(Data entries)
--*--

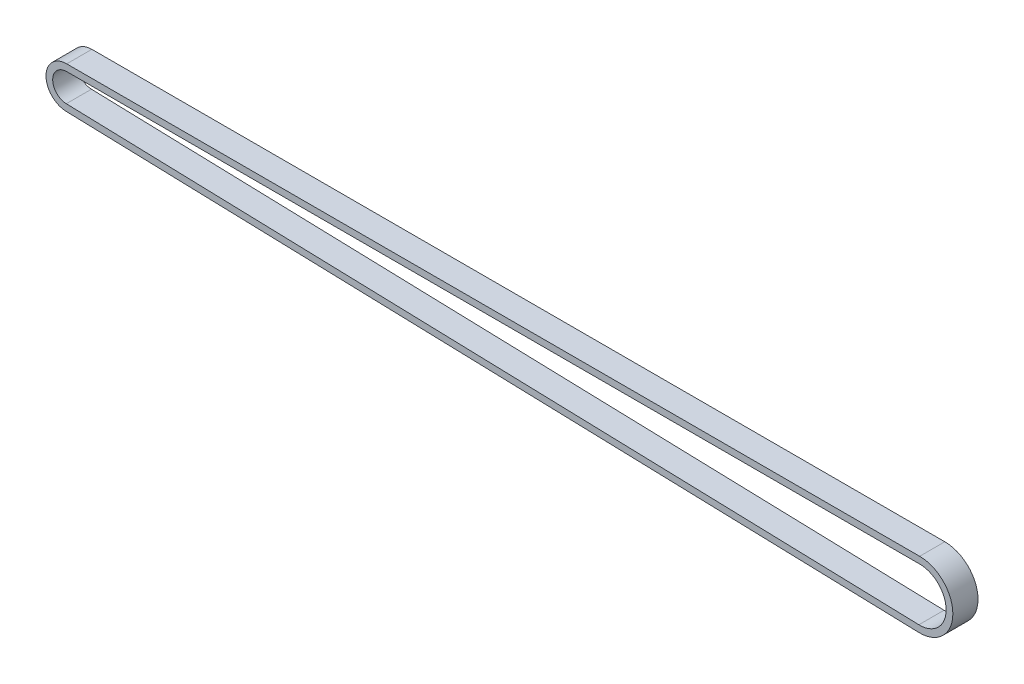
ISO-10303-21;
HEADER;
FILE_DESCRIPTION(('STEP AP214'),'2;1');
FILE_NAME('part.step','',(''),(''),'','','');
FILE_SCHEMA(('AUTOMOTIVE_DESIGN { 1 0 10303 214 1 1 1 1 }'));
ENDSEC;
DATA;
#1=APPLICATION_CONTEXT('core data for automotive mechanical design processes');
#2=APPLICATION_PROTOCOL_DEFINITION('international standard','automotive_design',2000,#1);
#3=PRODUCT_CONTEXT('',#1,'mechanical');
#4=PRODUCT('Part','Part','',(#3));
#5=PRODUCT_RELATED_PRODUCT_CATEGORY('part','',(#4));
#6=PRODUCT_DEFINITION_FORMATION('','',#4);
#7=PRODUCT_DEFINITION_CONTEXT('part definition',#1,'design');
#8=PRODUCT_DEFINITION('design','',#6,#7);
#9=PRODUCT_DEFINITION_SHAPE('','',#8);
#10=(LENGTH_UNIT() NAMED_UNIT(*) SI_UNIT(.MILLI.,.METRE.));
#11=(NAMED_UNIT(*) PLANE_ANGLE_UNIT() SI_UNIT($,.RADIAN.));
#12=(NAMED_UNIT(*) SI_UNIT($,.STERADIAN.) SOLID_ANGLE_UNIT());
#13=UNCERTAINTY_MEASURE_WITH_UNIT(LENGTH_MEASURE(1.E-05),#10,'distance_accuracy_value','');
#14=(GEOMETRIC_REPRESENTATION_CONTEXT(3) GLOBAL_UNCERTAINTY_ASSIGNED_CONTEXT((#13)) GLOBAL_UNIT_ASSIGNED_CONTEXT((#10,
#11,#12)) REPRESENTATION_CONTEXT('',''));
#15=CARTESIAN_POINT('',(0.,0.,0.));
#16=DIRECTION('',(0.,0.,1.));
#17=DIRECTION('',(1.,0.,0.));
#18=AXIS2_PLACEMENT_3D('',#15,#16,#17);
#19=CARTESIAN_POINT('',(0.,0.,9.525));
#20=DIRECTION('',(0.,0.,1.));
#21=DIRECTION('',(1.,0.,0.));
#22=AXIS2_PLACEMENT_3D('',#19,#20,#21);
#23=PLANE('',#22);
#24=CARTESIAN_POINT('',(0.,0.,9.525));
#25=DIRECTION('',(0.,0.,1.));
#26=DIRECTION('',(1.,0.,0.));
#27=AXIS2_PLACEMENT_3D('',#24,#25,#26);
#28=CIRCLE('',#27,7.8486);
#29=CARTESIAN_POINT('',(0.,7.8486,9.525));
#30=VERTEX_POINT('',#29);
#31=CARTESIAN_POINT('',(-0.229572502923176,-7.84524176975455,9.525));
#32=VERTEX_POINT('',#31);
#33=EDGE_CURVE('E134',#30,#32,#28,.T.);
#34=ORIENTED_EDGE('',*,*,#33,.T.);
#35=DIRECTION('',(0.999572123659577,-0.0292501214131407,0.));
#36=VECTOR('',#35,1.);
#37=CARTESIAN_POINT('',(-0.229572502923176,-7.84524176975455,9.525));
#38=LINE('',#37,#36);
#39=CARTESIAN_POINT('',(322.597685360841,-17.2920203107719,9.525));
#40=VERTEX_POINT('',#39);
#41=EDGE_CURVE('E137',#32,#40,#38,.T.);
#42=ORIENTED_EDGE('',*,*,#41,.T.);
#43=CARTESIAN_POINT('',(322.965447137368,-4.7244,9.525));
#44=DIRECTION('',(0.,0.,1.));
#45=DIRECTION('',(1.,0.,0.));
#46=AXIS2_PLACEMENT_3D('',#43,#44,#45);
#47=CIRCLE('',#46,12.573);
#48=CARTESIAN_POINT('',(322.965447137368,7.8486,9.525));
#49=VERTEX_POINT('',#48);
#50=EDGE_CURVE('E140',#40,#49,#47,.T.);
#51=ORIENTED_EDGE('',*,*,#50,.T.);
#52=DIRECTION('',(-1.,0.,0.));
#53=VECTOR('',#52,1.);
#54=CARTESIAN_POINT('',(0.,7.8486,9.525));
#55=LINE('',#54,#53);
#56=EDGE_CURVE('E142',#49,#30,#55,.T.);
#57=ORIENTED_EDGE('',*,*,#56,.T.);
#58=EDGE_LOOP('',(#34,#42,#51,#57));
#59=FACE_BOUND('',#58,.T.);
#60=DIRECTION('',(0.999572123659577,-0.0292501214131408,0.));
#61=VECTOR('',#60,1.);
#62=CARTESIAN_POINT('',(-0.155277194533799,-5.30632857565923,9.525));
#63=LINE('',#62,#61);
#64=CARTESIAN_POINT('',(-0.155277194533799,-5.30632857565923,9.525));
#65=VERTEX_POINT('',#64);
#66=CARTESIAN_POINT('',(322.67198066923,-14.7531071166765,9.525));
#67=VERTEX_POINT('',#66);
#68=EDGE_CURVE('E106',#65,#67,#63,.T.);
#69=ORIENTED_EDGE('',*,*,#68,.F.);
#70=CARTESIAN_POINT('',(0.,0.,9.525));
#71=DIRECTION('',(0.,0.,1.));
#72=DIRECTION('',(1.,0.,0.));
#73=AXIS2_PLACEMENT_3D('',#70,#71,#72);
#74=CIRCLE('',#73,5.3086);
#75=CARTESIAN_POINT('',(0.,5.3086,9.525));
#76=VERTEX_POINT('',#75);
#77=EDGE_CURVE('E98',#76,#65,#74,.T.);
#78=ORIENTED_EDGE('',*,*,#77,.F.);
#79=DIRECTION('',(-1.,0.,0.));
#80=VECTOR('',#79,1.);
#81=CARTESIAN_POINT('',(0.,5.3086,9.525));
#82=LINE('',#81,#80);
#83=CARTESIAN_POINT('',(322.965447137368,5.3086,9.525));
#84=VERTEX_POINT('',#83);
#85=EDGE_CURVE('E120',#84,#76,#82,.T.);
#86=ORIENTED_EDGE('',*,*,#85,.F.);
#87=CARTESIAN_POINT('',(322.965447137368,-4.7244,9.525));
#88=DIRECTION('',(0.,0.,1.));
#89=DIRECTION('',(1.,0.,0.));
#90=AXIS2_PLACEMENT_3D('',#87,#88,#89);
#91=CIRCLE('',#90,10.033);
#92=EDGE_CURVE('E118',#67,#84,#91,.T.);
#93=ORIENTED_EDGE('',*,*,#92,.F.);
#94=EDGE_LOOP('',(#69,#78,#86,#93));
#95=FACE_BOUND('',#94,.T.);
#96=ADVANCED_FACE('F33',(#59,#95),#23,.T.);
#97=CARTESIAN_POINT('',(0.,0.,0.));
#98=DIRECTION('',(0.,0.,1.));
#99=DIRECTION('',(1.,0.,0.));
#100=AXIS2_PLACEMENT_3D('',#97,#98,#99);
#101=PLANE('',#100);
#102=CARTESIAN_POINT('',(0.,0.,0.));
#103=DIRECTION('',(0.,0.,1.));
#104=DIRECTION('',(1.,0.,0.));
#105=AXIS2_PLACEMENT_3D('',#102,#103,#104);
#106=CIRCLE('',#105,7.8486);
#107=CARTESIAN_POINT('',(0.,7.8486,0.));
#108=VERTEX_POINT('',#107);
#109=CARTESIAN_POINT('',(-0.229572502923176,-7.84524176975455,0.));
#110=VERTEX_POINT('',#109);
#111=EDGE_CURVE('E114',#108,#110,#106,.T.);
#112=ORIENTED_EDGE('',*,*,#111,.F.);
#113=DIRECTION('',(-1.,0.,0.));
#114=VECTOR('',#113,1.);
#115=CARTESIAN_POINT('',(0.,7.8486,0.));
#116=LINE('',#115,#114);
#117=CARTESIAN_POINT('',(322.965447137368,7.8486,0.));
#118=VERTEX_POINT('',#117);
#119=EDGE_CURVE('E138',#118,#108,#116,.T.);
#120=ORIENTED_EDGE('',*,*,#119,.F.);
#121=CARTESIAN_POINT('',(322.965447137368,-4.7244,0.));
#122=DIRECTION('',(0.,0.,1.));
#123=DIRECTION('',(1.,0.,0.));
#124=AXIS2_PLACEMENT_3D('',#121,#122,#123);
#125=CIRCLE('',#124,12.573);
#126=CARTESIAN_POINT('',(322.597685360841,-17.2920203107719,0.));
#127=VERTEX_POINT('',#126);
#128=EDGE_CURVE('E149',#127,#118,#125,.T.);
#129=ORIENTED_EDGE('',*,*,#128,.F.);
#130=DIRECTION('',(0.999572123659577,-0.0292501214131407,0.));
#131=VECTOR('',#130,1.);
#132=CARTESIAN_POINT('',(-0.229572502923176,-7.84524176975455,0.));
#133=LINE('',#132,#131);
#134=EDGE_CURVE('E147',#110,#127,#133,.T.);
#135=ORIENTED_EDGE('',*,*,#134,.F.);
#136=EDGE_LOOP('',(#112,#120,#129,#135));
#137=FACE_BOUND('',#136,.T.);
#138=CARTESIAN_POINT('',(0.,0.,0.));
#139=DIRECTION('',(0.,0.,1.));
#140=DIRECTION('',(1.,0.,0.));
#141=AXIS2_PLACEMENT_3D('',#138,#139,#140);
#142=CIRCLE('',#141,5.3086);
#143=CARTESIAN_POINT('',(0.,5.3086,0.));
#144=VERTEX_POINT('',#143);
#145=CARTESIAN_POINT('',(-0.155277194533799,-5.30632857565923,0.));
#146=VERTEX_POINT('',#145);
#147=EDGE_CURVE('E56',#144,#146,#142,.T.);
#148=ORIENTED_EDGE('',*,*,#147,.T.);
#149=DIRECTION('',(0.999572123659577,-0.0292501214131408,0.));
#150=VECTOR('',#149,1.);
#151=CARTESIAN_POINT('',(-0.155277194533799,-5.30632857565923,0.));
#152=LINE('',#151,#150);
#153=CARTESIAN_POINT('',(322.67198066923,-14.7531071166765,0.));
#154=VERTEX_POINT('',#153);
#155=EDGE_CURVE('E113',#146,#154,#152,.T.);
#156=ORIENTED_EDGE('',*,*,#155,.T.);
#157=CARTESIAN_POINT('',(322.965447137368,-4.7244,0.));
#158=DIRECTION('',(0.,0.,1.));
#159=DIRECTION('',(1.,0.,0.));
#160=AXIS2_PLACEMENT_3D('',#157,#158,#159);
#161=CIRCLE('',#160,10.033);
#162=CARTESIAN_POINT('',(322.965447137368,5.3086,0.));
#163=VERTEX_POINT('',#162);
#164=EDGE_CURVE('E126',#154,#163,#161,.T.);
#165=ORIENTED_EDGE('',*,*,#164,.T.);
#166=DIRECTION('',(-1.,0.,0.));
#167=VECTOR('',#166,1.);
#168=CARTESIAN_POINT('',(0.,5.3086,0.));
#169=LINE('',#168,#167);
#170=EDGE_CURVE('E107',#163,#144,#169,.T.);
#171=ORIENTED_EDGE('',*,*,#170,.T.);
#172=EDGE_LOOP('',(#148,#156,#165,#171));
#173=FACE_BOUND('',#172,.T.);
#174=ADVANCED_FACE('F167',(#137,#173),#101,.F.);
#175=CARTESIAN_POINT('',(0.,0.,9.525));
#176=DIRECTION('',(0.,0.,-1.));
#177=DIRECTION('',(-1.,0.,0.));
#178=AXIS2_PLACEMENT_3D('',#175,#176,#177);
#179=CYLINDRICAL_SURFACE('',#178,7.8486);
#180=ORIENTED_EDGE('',*,*,#111,.T.);
#181=DIRECTION('',(0.,0.,-1.));
#182=VECTOR('',#181,1.);
#183=CARTESIAN_POINT('',(-0.229572502923176,-7.84524176975455,9.525));
#184=LINE('',#183,#182);
#185=EDGE_CURVE('E11',#32,#110,#184,.T.);
#186=ORIENTED_EDGE('',*,*,#185,.F.);
#187=ORIENTED_EDGE('',*,*,#33,.F.);
#188=DIRECTION('',(0.,0.,-1.));
#189=VECTOR('',#188,1.);
#190=CARTESIAN_POINT('',(0.,7.8486,9.525));
#191=LINE('',#190,#189);
#192=EDGE_CURVE('E144',#30,#108,#191,.T.);
#193=ORIENTED_EDGE('',*,*,#192,.T.);
#194=EDGE_LOOP('',(#180,#186,#187,#193));
#195=FACE_BOUND('',#194,.T.);
#196=ADVANCED_FACE('F35',(#195),#179,.T.);
#197=CARTESIAN_POINT('',(-0.229572502923176,-7.84524176975455,9.525));
#198=DIRECTION('',(0.0292501214131407,0.999572123659577,0.));
#199=DIRECTION('',(-0.999572123659577,0.0292501214131407,0.));
#200=AXIS2_PLACEMENT_3D('',#197,#198,#199);
#201=PLANE('',#200);
#202=ORIENTED_EDGE('',*,*,#134,.T.);
#203=DIRECTION('',(0.,0.,-1.));
#204=VECTOR('',#203,1.);
#205=CARTESIAN_POINT('',(322.597685360841,-17.2920203107719,9.525));
#206=LINE('',#205,#204);
#207=EDGE_CURVE('E41',#40,#127,#206,.T.);
#208=ORIENTED_EDGE('',*,*,#207,.F.);
#209=ORIENTED_EDGE('',*,*,#41,.F.);
#210=ORIENTED_EDGE('',*,*,#185,.T.);
#211=EDGE_LOOP('',(#202,#208,#209,#210));
#212=FACE_BOUND('',#211,.T.);
#213=ADVANCED_FACE('F177',(#212),#201,.F.);
#214=CARTESIAN_POINT('',(322.965447137368,-4.7244,9.525));
#215=DIRECTION('',(0.,0.,-1.));
#216=DIRECTION('',(-1.,0.,0.));
#217=AXIS2_PLACEMENT_3D('',#214,#215,#216);
#218=CYLINDRICAL_SURFACE('',#217,12.573);
#219=ORIENTED_EDGE('',*,*,#128,.T.);
#220=DIRECTION('',(0.,0.,-1.));
#221=VECTOR('',#220,1.);
#222=CARTESIAN_POINT('',(322.965447137368,7.8486,9.525));
#223=LINE('',#222,#221);
#224=EDGE_CURVE('E154',#49,#118,#223,.T.);
#225=ORIENTED_EDGE('',*,*,#224,.F.);
#226=ORIENTED_EDGE('',*,*,#50,.F.);
#227=ORIENTED_EDGE('',*,*,#207,.T.);
#228=EDGE_LOOP('',(#219,#225,#226,#227));
#229=FACE_BOUND('',#228,.T.);
#230=ADVANCED_FACE('F161',(#229),#218,.T.);
#231=CARTESIAN_POINT('',(0.,7.8486,9.525));
#232=DIRECTION('',(0.,-1.,0.));
#233=DIRECTION('',(0.,0.,-1.));
#234=AXIS2_PLACEMENT_3D('',#231,#232,#233);
#235=PLANE('',#234);
#236=ORIENTED_EDGE('',*,*,#119,.T.);
#237=ORIENTED_EDGE('',*,*,#192,.F.);
#238=ORIENTED_EDGE('',*,*,#56,.F.);
#239=ORIENTED_EDGE('',*,*,#224,.T.);
#240=EDGE_LOOP('',(#236,#237,#238,#239));
#241=FACE_BOUND('',#240,.T.);
#242=ADVANCED_FACE('F171',(#241),#235,.F.);
#243=CARTESIAN_POINT('',(0.,0.,9.525));
#244=DIRECTION('',(0.,0.,-1.));
#245=DIRECTION('',(-1.,0.,0.));
#246=AXIS2_PLACEMENT_3D('',#243,#244,#245);
#247=CYLINDRICAL_SURFACE('',#246,5.3086);
#248=ORIENTED_EDGE('',*,*,#147,.F.);
#249=DIRECTION('',(0.,0.,-1.));
#250=VECTOR('',#249,1.);
#251=CARTESIAN_POINT('',(0.,5.3086,9.525));
#252=LINE('',#251,#250);
#253=EDGE_CURVE('E102',#76,#144,#252,.T.);
#254=ORIENTED_EDGE('',*,*,#253,.F.);
#255=ORIENTED_EDGE('',*,*,#77,.T.);
#256=DIRECTION('',(0.,0.,-1.));
#257=VECTOR('',#256,1.);
#258=CARTESIAN_POINT('',(-0.155277194533799,-5.30632857565923,9.525));
#259=LINE('',#258,#257);
#260=EDGE_CURVE('E101',#65,#146,#259,.T.);
#261=ORIENTED_EDGE('',*,*,#260,.T.);
#262=EDGE_LOOP('',(#248,#254,#255,#261));
#263=FACE_BOUND('',#262,.T.);
#264=ADVANCED_FACE('F100',(#263),#247,.F.);
#265=CARTESIAN_POINT('',(-0.155277194533799,-5.30632857565923,9.525));
#266=DIRECTION('',(0.0292501214131408,0.999572123659577,0.));
#267=DIRECTION('',(-0.999572123659577,0.0292501214131408,0.));
#268=AXIS2_PLACEMENT_3D('',#265,#266,#267);
#269=PLANE('',#268);
#270=ORIENTED_EDGE('',*,*,#155,.F.);
#271=ORIENTED_EDGE('',*,*,#260,.F.);
#272=ORIENTED_EDGE('',*,*,#68,.T.);
#273=DIRECTION('',(0.,0.,-1.));
#274=VECTOR('',#273,1.);
#275=CARTESIAN_POINT('',(322.67198066923,-14.7531071166765,9.525));
#276=LINE('',#275,#274);
#277=EDGE_CURVE('E115',#67,#154,#276,.T.);
#278=ORIENTED_EDGE('',*,*,#277,.T.);
#279=EDGE_LOOP('',(#270,#271,#272,#278));
#280=FACE_BOUND('',#279,.T.);
#281=ADVANCED_FACE('F110',(#280),#269,.T.);
#282=CARTESIAN_POINT('',(322.965447137368,-4.7244,9.525));
#283=DIRECTION('',(0.,0.,-1.));
#284=DIRECTION('',(-1.,0.,0.));
#285=AXIS2_PLACEMENT_3D('',#282,#283,#284);
#286=CYLINDRICAL_SURFACE('',#285,10.033);
#287=ORIENTED_EDGE('',*,*,#164,.F.);
#288=ORIENTED_EDGE('',*,*,#277,.F.);
#289=ORIENTED_EDGE('',*,*,#92,.T.);
#290=DIRECTION('',(0.,0.,-1.));
#291=VECTOR('',#290,1.);
#292=CARTESIAN_POINT('',(322.965447137368,5.3086,9.525));
#293=LINE('',#292,#291);
#294=EDGE_CURVE('E48',#84,#163,#293,.T.);
#295=ORIENTED_EDGE('',*,*,#294,.T.);
#296=EDGE_LOOP('',(#287,#288,#289,#295));
#297=FACE_BOUND('',#296,.T.);
#298=ADVANCED_FACE('F200',(#297),#286,.F.);
#299=CARTESIAN_POINT('',(0.,5.3086,9.525));
#300=DIRECTION('',(0.,-1.,0.));
#301=DIRECTION('',(0.,0.,-1.));
#302=AXIS2_PLACEMENT_3D('',#299,#300,#301);
#303=PLANE('',#302);
#304=ORIENTED_EDGE('',*,*,#170,.F.);
#305=ORIENTED_EDGE('',*,*,#294,.F.);
#306=ORIENTED_EDGE('',*,*,#85,.T.);
#307=ORIENTED_EDGE('',*,*,#253,.T.);
#308=EDGE_LOOP('',(#304,#305,#306,#307));
#309=FACE_BOUND('',#308,.T.);
#310=ADVANCED_FACE('F204',(#309),#303,.T.);
#311=CLOSED_SHELL('',(#96,#174,#196,#213,#230,#242,#264,#281,#298,#310));
#312=MANIFOLD_SOLID_BREP('B2',#311);
#313=ADVANCED_BREP_SHAPE_REPRESENTATION('',(#18,#312),#14);
#314=SHAPE_DEFINITION_REPRESENTATION(#9,#313);
ENDSEC;
END-ISO-10303-21;

--*--

Your goal: From the records above, transcribe exactly the run of lines that opens with the line holding "#204=VECTOR('',#203,1.);" and closes with the line holding "#225=ORIENTED_EDGE('',*,*,#224,.F.);", both included.

Solution to this problem:
#204=VECTOR('',#203,1.);
#205=CARTESIAN_POINT('',(322.597685360841,-17.2920203107719,9.525));
#206=LINE('',#205,#204);
#207=EDGE_CURVE('E41',#40,#127,#206,.T.);
#208=ORIENTED_EDGE('',*,*,#207,.F.);
#209=ORIENTED_EDGE('',*,*,#41,.F.);
#210=ORIENTED_EDGE('',*,*,#185,.T.);
#211=EDGE_LOOP('',(#202,#208,#209,#210));
#212=FACE_BOUND('',#211,.T.);
#213=ADVANCED_FACE('F177',(#212),#201,.F.);
#214=CARTESIAN_POINT('',(322.965447137368,-4.7244,9.525));
#215=DIRECTION('',(0.,0.,-1.));
#216=DIRECTION('',(-1.,0.,0.));
#217=AXIS2_PLACEMENT_3D('',#214,#215,#216);
#218=CYLINDRICAL_SURFACE('',#217,12.573);
#219=ORIENTED_EDGE('',*,*,#128,.T.);
#220=DIRECTION('',(0.,0.,-1.));
#221=VECTOR('',#220,1.);
#222=CARTESIAN_POINT('',(322.965447137368,7.8486,9.525));
#223=LINE('',#222,#221);
#224=EDGE_CURVE('E154',#49,#118,#223,.T.);
#225=ORIENTED_EDGE('',*,*,#224,.F.);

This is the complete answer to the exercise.